_Exercise data_.
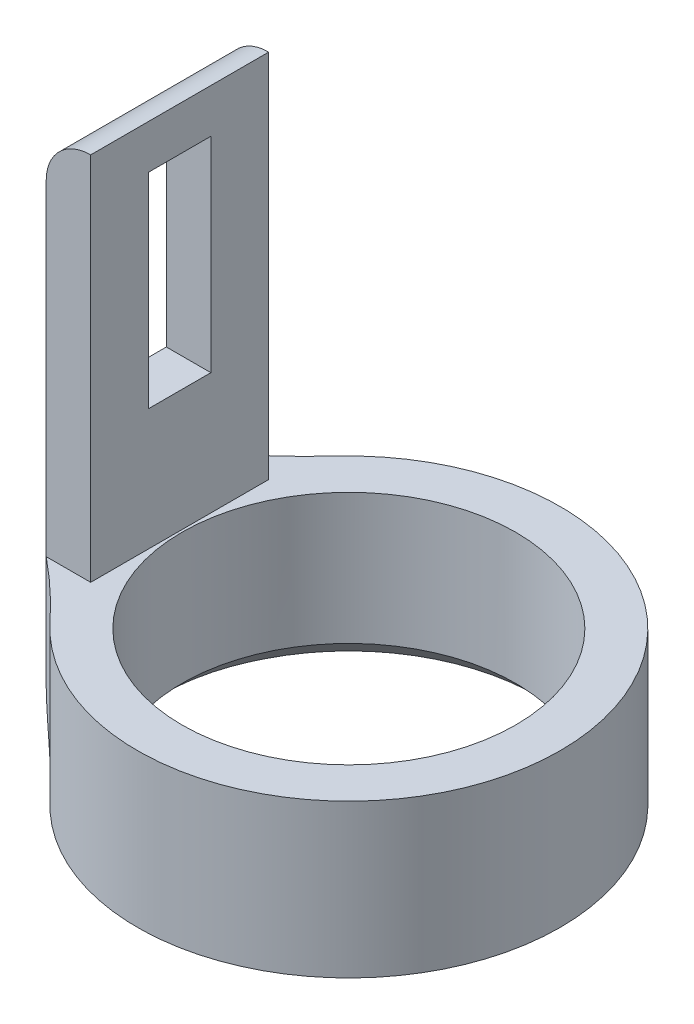
SolidWorks part; units mm, degrees
ref_plane "Front Plane" through (0, 0, 0) normal (0, 0, 1) x (1, 0, 0)
ref_plane "Top Plane" through (0, 0, 0) normal (0, 1, 0) x (1, 0, 0)
ref_plane "Right Plane" through (0, 0, 0) normal (1, 0, 0) x (0, 0, -1)
sketch "Sketch2" plane through (0, 0, 0) normal (0, 1, 0) x (1, 0, 0)
  circle A0 centre (0, 0) radius 4.75
  circle A1 centre (0, 0) radius 3.75
extrude "Boss-Extrude1" add sketch "Sketch2" along normal blind 3.44
ref_plane "Plane1" through (-4.8, 0, 0) normal (1, 0, 0) x (0, 0, -1)
sketch "Sketch3" plane through (-4.8, 0, 0) normal (1, 0, 0) x (0, 0, -1)
  line L0 (0, -0.2424) -> (0, 11.7576) construction
  line L1 (2, 0) -> (2, 11.7576)
  line L2 (-2, 0) -> (-2, 11.7576)
  line L3 (2, 11.7576) -> (-2, 11.7576)
  line L4 (2, -0.2424) -> (2, 11.7576) construction
  line L5 (2, 0) -> (-2, 0)
  line L6 (-4.75, 0) -> (4.75, 0) construction
  line L7 (-2, -0.2424) -> (-2, 11.7576) construction
  dimension "D1" = 2
  dimension "D2" = 2
extrude "Boss-Extrude2" add sketch "Sketch3" along normal blind 1
sketch "Sketch4" plane through (-4.8, 0, 0) normal (-1, 0, 0) x (0, 0, 1)
  line L0 (-0.7, 10.7692) -> (0.7, 10.7692)
  line L2 (0, 10.7692) -> (0, 6.1692) construction
  line L3 (0.7, 6.1692) -> (-0.7, 6.1692)
  line L4 (-0.7, 10.7692) -> (-0.7, 6.1692)
  line L6 (0.7, 10.7692) -> (0.7, 6.1692)
  line L7 (-0.7, 11.7576) -> (-0.7, 10.7692) construction
  line L8 (0, 11.7576) -> (0, 10.7692) construction
  line L9 (0.7, 11.7576) -> (0.7, 10.7692) construction
  dimension "D1" = 0.7
  dimension "D2" = 0.7
extrude "Cut-Extrude1" cut sketch "Sketch4" against normal blind 1
fillet "Fillet1" radius 13 2 edges at (-4.3084, 1.72, 2) (-4.3084, 1.72, -2)
chamfer "Chamfer1" distance 0.5 angle 45 1 edges at (0, 0, 3.75)
fillet "Fillet2" radius 1 2 edges at (-4.8, 0, 0) (-4.8, 11.7576, 0)

_What needs to be done_.
Starting with the line that contains "line L3 (0.7, 6.1692) -> (-0.7, 6.1692)", restate every line up to and including the last one above, exactly.

_Task answer_.
  line L3 (0.7, 6.1692) -> (-0.7, 6.1692)
  line L4 (-0.7, 10.7692) -> (-0.7, 6.1692)
  line L6 (0.7, 10.7692) -> (0.7, 6.1692)
  line L7 (-0.7, 11.7576) -> (-0.7, 10.7692) construction
  line L8 (0, 11.7576) -> (0, 10.7692) construction
  line L9 (0.7, 11.7576) -> (0.7, 10.7692) construction
  dimension "D1" = 0.7
  dimension "D2" = 0.7
extrude "Cut-Extrude1" cut sketch "Sketch4" against normal blind 1
fillet "Fillet1" radius 13 2 edges at (-4.3084, 1.72, 2) (-4.3084, 1.72, -2)
chamfer "Chamfer1" distance 0.5 angle 45 1 edges at (0, 0, 3.75)
fillet "Fillet2" radius 1 2 edges at (-4.8, 0, 0) (-4.8, 11.7576, 0)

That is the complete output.